Страшные сады | страница 33



Мадемуазель Ингеборга… Уменьшительно: Инга!.. Он позволил себе роскошь сообщить мне полное имя моей возлюбленной, украсть у меня эту близость. Я готов был съесть свои фетровые тапки!

Мы пошли через парк. К крытой аллее с обвитыми зеленью сводами. Там-то, не ко времени, я закатил Инге сцену, заявив, что, очевидно, немец всегда остается пруссаком в душе и что надо бы переписать всех внебрачных детей Гиммлера… Я был невыносим, и губы Инги побледнели… Садовник, по-прежнему на коленях, выкапывал луковицы. От звука французских слов он обернулся, привстал, поспешно вытер руки и направился к нам. Огромный, в духе Эррола Флинна, закрученные усы, зачесанные назад волосы. Похож на провинившегося мажордома, приговоренного к принудительным работам. Он очень вежливо спросил, откуда я приехал. Лилль, Север. Едва услышав ответ, садовник пришел в страшное волнение. Он взял мои руки, со слезами на глазах чуть ли не целовал их, а меня от всего этого уже начало тошнить — мне совсем не нравилось быть воплощением Будды, живой статуей, которой поклоняются как миссии!.. Я улыбался, в духе до свидания, всего хорошего, но для него и речи не могло быть, чтобы выпустить меня, он объяснял Инге: Камбрэ, Валенсьен, его жена Розелин, он Адриан, я не понимал его обрывочных отрывистых фраз, только то, что он повторял через каждые два слова, Розелин, Розелин!.. И вот эта самая Розелин уже подбегает, решив, что ее муж порезал палец, копаясь в саду, она волнуется, взгляд изучает рубцы, она кричит на него, потом вдруг останавливается и, как в замедленной съемке, поворачивается ко мне:

— Не говори, чт’ты’с!.. да, ты из Лилля, я родилась в Ваземе, в самом центре!..

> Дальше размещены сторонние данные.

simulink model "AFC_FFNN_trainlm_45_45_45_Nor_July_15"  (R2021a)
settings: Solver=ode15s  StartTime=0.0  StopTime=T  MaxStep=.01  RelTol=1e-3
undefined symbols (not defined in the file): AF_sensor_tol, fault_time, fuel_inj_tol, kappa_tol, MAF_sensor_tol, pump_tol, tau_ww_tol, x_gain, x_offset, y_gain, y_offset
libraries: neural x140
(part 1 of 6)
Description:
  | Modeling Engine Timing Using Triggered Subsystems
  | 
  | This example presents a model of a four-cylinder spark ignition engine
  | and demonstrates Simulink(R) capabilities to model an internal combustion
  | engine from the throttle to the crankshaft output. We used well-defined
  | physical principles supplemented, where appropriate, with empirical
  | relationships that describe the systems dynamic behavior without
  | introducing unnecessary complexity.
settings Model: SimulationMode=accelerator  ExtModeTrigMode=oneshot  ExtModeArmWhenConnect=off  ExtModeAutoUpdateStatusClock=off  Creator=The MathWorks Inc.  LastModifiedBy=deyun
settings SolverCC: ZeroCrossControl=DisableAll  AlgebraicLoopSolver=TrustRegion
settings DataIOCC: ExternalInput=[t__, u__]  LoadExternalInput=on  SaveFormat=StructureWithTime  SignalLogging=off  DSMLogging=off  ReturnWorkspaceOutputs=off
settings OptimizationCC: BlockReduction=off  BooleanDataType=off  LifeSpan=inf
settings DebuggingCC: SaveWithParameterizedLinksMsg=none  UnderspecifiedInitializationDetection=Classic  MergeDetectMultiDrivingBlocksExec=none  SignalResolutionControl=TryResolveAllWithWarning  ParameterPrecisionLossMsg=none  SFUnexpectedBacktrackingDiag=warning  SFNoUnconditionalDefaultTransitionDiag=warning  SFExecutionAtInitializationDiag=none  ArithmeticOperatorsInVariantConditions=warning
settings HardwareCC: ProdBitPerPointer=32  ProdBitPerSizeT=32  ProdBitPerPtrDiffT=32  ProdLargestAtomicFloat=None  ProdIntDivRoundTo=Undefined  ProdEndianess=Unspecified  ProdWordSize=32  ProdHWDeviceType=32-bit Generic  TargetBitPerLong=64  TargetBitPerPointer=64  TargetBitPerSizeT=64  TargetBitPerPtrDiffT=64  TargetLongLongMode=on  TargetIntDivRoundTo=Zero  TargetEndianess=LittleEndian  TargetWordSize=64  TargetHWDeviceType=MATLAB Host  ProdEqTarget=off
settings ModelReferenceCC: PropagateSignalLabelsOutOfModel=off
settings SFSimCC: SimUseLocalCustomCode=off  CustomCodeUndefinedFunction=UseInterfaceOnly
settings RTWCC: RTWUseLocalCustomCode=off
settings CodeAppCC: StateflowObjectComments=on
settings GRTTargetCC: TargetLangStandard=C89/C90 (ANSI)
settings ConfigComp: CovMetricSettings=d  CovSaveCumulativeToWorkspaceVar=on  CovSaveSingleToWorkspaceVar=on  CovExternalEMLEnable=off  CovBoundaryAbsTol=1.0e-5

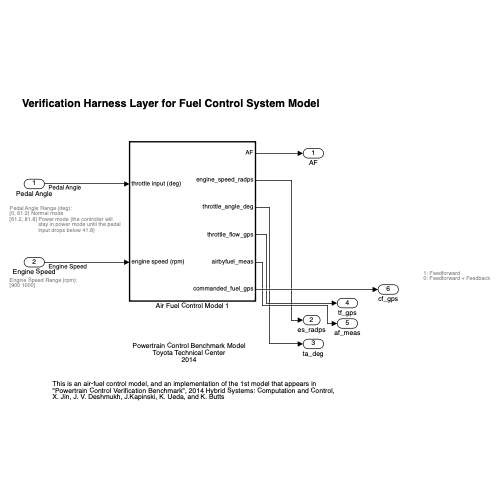
[thumbnail: Simulink's stored preview of the top-level diagram]
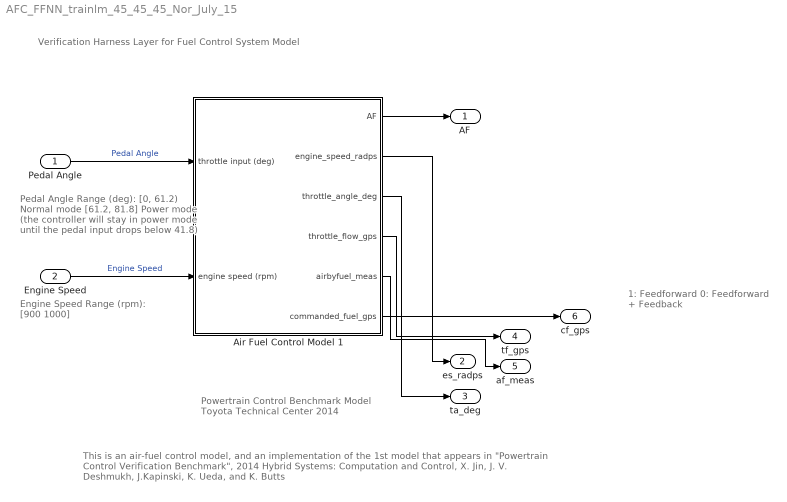
== system AFC_FFNN_trainlm_45_45_45_Nor_July_15 ==
  note: 1: Feedforward
      | 0: Feedforward + Feedback
  note: Pedal Angle Range (deg):
      | [0, 61.2) Normal mode
      | [61.2, 81.8] Power mode (the controller will
      |                    stay in power mode until the pedal
      |                    input drops below 41.8)
  note: This is an air-fuel control model, and an implementation of the 1st model that appears in
      | "Powertrain Control Verification Benchmark", 2014 Hybrid Systems: Computation and Control,
      | X. Jin, J. V. Deshmukh, J.Kapinski, K. Ueda, and K. Butts
  note: Engine Speed Range (rpm):
      | [900 1000]
  note: Powertrain Control Benchmark Model
      | Toyota Technical Center
      | 2014
  note: Verification Harness Layer for Fuel Control System Model
  Pedal Angle : Inport  Interpolate=off
  Engine Speed : Inport  Port=2  Interpolate=off
  Air Fuel Control Model 1 : Subsystem  Priority=1  TreatAsAtomicUnit=on
  AF : Outport  VectorParamsAs1DForOutWhenUnconnected=off
  es_radps : Outport  Port=2
  ta_deg : Outport  Port=3
  tf_gps : Outport  Port=4
  af_meas : Outport  Port=5
  cf_gps : Outport  Port=6
  wires:
  Air Fuel Control Model 1/1(AF) -> AF/1
  Pedal Angle/1 -> Air Fuel Control Model 1/1(throttle input (deg))  "Pedal Angle"
  Engine Speed/1 -> Air Fuel Control Model 1/2(engine speed (rpm))  "Engine Speed"
  Air Fuel Control Model 1/2(engine_speed_radps) -> es_radps/1
  Air Fuel Control Model 1/3(throttle_angle_deg) -> ta_deg/1
  Air Fuel Control Model 1/4(throttle_flow_gps) -> tf_gps/1
  Air Fuel Control Model 1/5(airbyfuel_meas) -> af_meas/1
  Air Fuel Control Model 1/6(commanded_fuel_gps) -> cf_gps/1

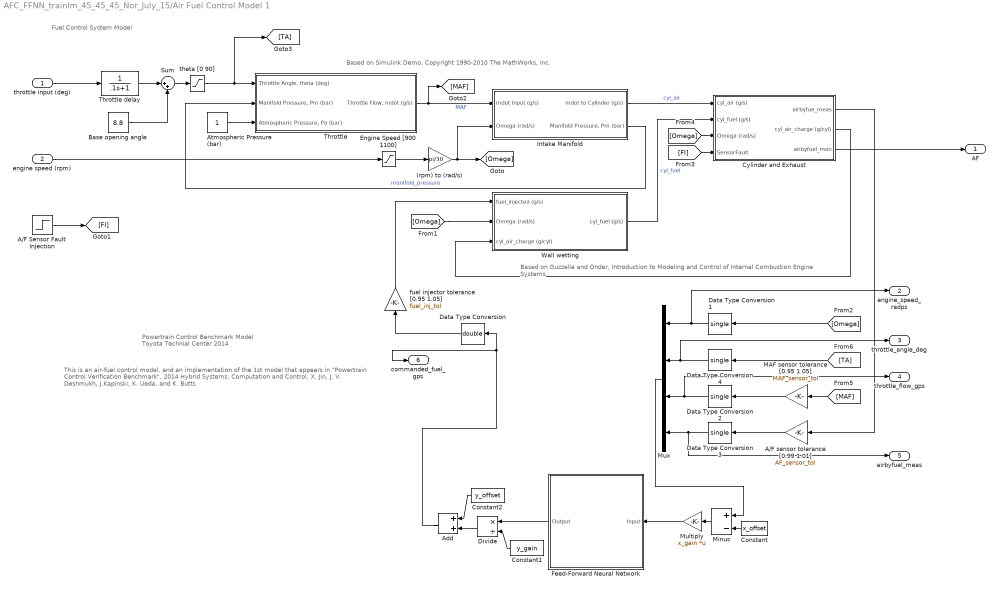
== system AFC_FFNN_trainlm_45_45_45_Nor_July_15/Air Fuel Control Model 1 ==
  note: Based on Simulink Demo, Copyright 1990-2010 The MathWorks, Inc.
  note: Based on Guzzella and Onder, Introduction to Modeling and Control of Internal Combustion Engine Systems
  note: Fuel Control System Model
  note: This is an air-fuel control model, and an implementation of the 1st model that appears in
      | "Powertrain Control Verification Benchmark", 2014 Hybrid Systems: Computation and Control,
      | X. Jin, J. V. Deshmukh, J.Kapinski, K. Ueda, and K. Butts
  note: Powertrain Control Benchmark Model
      | Toyota Technial Center
      | 2014
  throttle input (deg) : Inport  Description=[0, 81.2]
      settings: AttributesFormatString=%<Description>
  engine speed (rpm) : Inport  Description=[900,1100]  Port=2
      settings: AttributesFormatString=%<Description>
  (rpm) to (rad/s) : Gain  Gain=pi/30
  A/F Sensor Fault Injection : Step  Time=fault_time  SampleTime=0
      settings: AttributesFormatString=1: Failure\n0: Normal
  A/F sensor tolerance [0.99 1.01] : Gain  Gain=AF_sensor_tol
  Add : Sum
  Atmospheric Pressure (bar) : Constant
  Base opening angle : Constant  Value=8.8
  Constant : Constant  Value=x_offset
  Constant1 : Constant  Value=y_gain
  Constant2 : Constant  Value=y_offset
  Cylinder and Exhaust : Subsystem
  Data Type Conversion : DataTypeConversion  OutDataTypeStr=double
  Data Type Conversion{1..4} (4 alike) : DataTypeConversion  OutDataTypeStr=single
  Divide : Product  Inputs=*/
  Engine Speed [900 1100] : Saturate  UpperLimit=1100  LowerLimit=900
  Feed-Forward Neural Network : Subsystem
      mask help: Feed-Forward Neural Network
      mask Display: e = 0.06;c1 = [120 150 230]/255;c2 = ([120 150 230]+0)/383;c3 = ([120 150 230]+128)/383;patch([0 1 1 0],[0 0 1 1],c1);patch([0 1 1 1-e 1-e 0+e],[0 0 1 1-e 0+e 0+e],c2);patch([0 0 1 1-e 0+e 0+e],[0 1 1 1-e 1-e 0+e],c3);plot([0 1 1 0 0],[0 0 1 1 0]);fprintf('NNET');port_label('input',1,' Input');port_label('output',1,'Output ');
  Intake Manifold : Subsystem
  MAF sensor tolerance [0.95 1.05] : Gain  Gain=MAF_sensor_tol
  Minus : Sum  Inputs=+-
  Multiply : Gain  Gain=x_gain  Multiplication=Matrix(K*u)
  Mux : Mux
  Sum : Sum  Inputs=|++
  Throttle : Subsystem
  Throttle delay : TransferFcn  Denominator=[.1 1]
  Wall wetting : Subsystem
  fuel injector tolerance [0.95 1.05] : Gain  Gain=fuel_inj_tol
  theta [0 90] : Saturate  UpperLimit=90  LowerLimit=0
  AF : Outport  VectorParamsAs1DForOutWhenUnconnected=off
  engine_speed_radps : Outport  Port=2
  throttle_angle_deg : Outport  Port=3
  throttle_flow_gps : Outport  Port=4
  airbyfuel_meas : Outport  Port=5
  commanded_fuel_gps : Outport  Port=6
  wires:
  (rpm) to (rad/s)/1 -> [Omega], Intake Manifold/2(Omega (rad/s))
  Data Type Conversion/1 -> fuel injector tolerance [0.95 1.05]/1
  theta [0 90]/1 -> Throttle/1("Throttle Angle, theta (deg)"), [TA]
  Engine Speed [900 1100]/1 -> (rpm) to (rad/s)/1
  Cylinder and Exhaust/3("airbyfuel_mon ") -> AF/1
  A/F sensor tolerance [0.99 1.01]/1 -> Data Type Conversion3/1
  [MAF] -> MAF sensor tolerance [0.95 1.05]/1
  Cylinder and Exhaust/1(airbyfue_meas) -> A/F sensor tolerance [0.99 1.01]/1
  Throttle/1("Throttle Flow, mdot (g/s)") -> [MAF], Intake Manifold/1(mdot Input (g/s))  "MAF"
  Intake Manifold/2("Manifold Pressure, Pm (bar)") -> Throttle/2("Manifold Pressure, Pm (bar)")  "manifold_pressure"
  Atmospheric Pressure (bar)/1 -> Throttle/3("Atmospheric Pressure, Pa (bar) ")
  Wall wetting/1(cyl_fuel (g/s)) -> Cylinder and Exhaust/2(cyl_fuel (g/s))  "cyl_fuel"
  Intake Manifold/1(mdot to Cylinder (g/s)) -> Cylinder and Exhaust/1(cyl_air (g/s))  "cyl_air"
  [Omega] -> Cylinder and Exhaust/3(Omega (rad/s))
  [Omega] -> Wall wetting/2(Omega (rad/s))
  Cylinder and Exhaust/2(cyl_air_charge (g/cyl)) -> Wall wetting/3(cyl_air_charge (g/cyl))
  [Omega] -> Data Type Conversion1/1
  fuel injector tolerance [0.95 1.05]/1 -> Wall wetting/1(fuel_injected (g/s))
  MAF sensor tolerance [0.95 1.05]/1 -> Data Type Conversion2/1
  Add/1 -> Data Type Conversion/1, commanded_fuel_gps/1
  A/F Sensor Fault Injection/1 -> [FI]
  [FI] -> Cylinder and Exhaust/4(SensorFault)
  [TA] -> Data Type Conversion4/1
  throttle input (deg)/1 -> Throttle delay/1
  engine speed (rpm)/1 -> Engine Speed [900 1100]/1
  Throttle delay/1 -> Sum/1
  Base opening angle/1 -> Sum/2
  Sum/1 -> theta [0 90]/1
  Data Type Conversion3/1 -> airbyfuel_meas/1, Mux/4
  Data Type Conversion4/1 -> Mux/2, throttle_angle_deg/1
  Data Type Conversion2/1 -> Mux/3, throttle_flow_gps/1
  Data Type Conversion1/1 -> Mux/1, engine_speed_radps/1
  Multiply/1 -> Feed-Forward Neural Network/1(Input)
  Constant/1 -> Minus/2
  Mux/1 -> Minus/1
  Minus/1 -> Multiply/1
  Constant2/1 -> Add/1
  Feed-Forward Neural Network/1(Output) -> Divide/1
  Constant1/1 -> Divide/2
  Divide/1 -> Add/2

Ее глаза увлажняются, вот она уже возле меня, плачет, а я, ты же знаешь, я не умею бороться с печалью, услышав говор маленьких людей из моих краев, здесь, во владениях изысканного немецкого общества, и я тоже даю волю чувствам, реву, как плохо воспитанный мальчик, Адриан заключает меня и Розелин в объятия, мы сотрясаемся от рыданий в этих роскошных садах, и вид у нас такой, что даже Инга, девушка, поцелованная солнцем, свободная и раскованная, плюющая на то, что обнажает свои ягодицы перед первым попавшимся французом, даже она, глядя на эти объятья, сжимает губы и старается не зареветь подобно нам троим.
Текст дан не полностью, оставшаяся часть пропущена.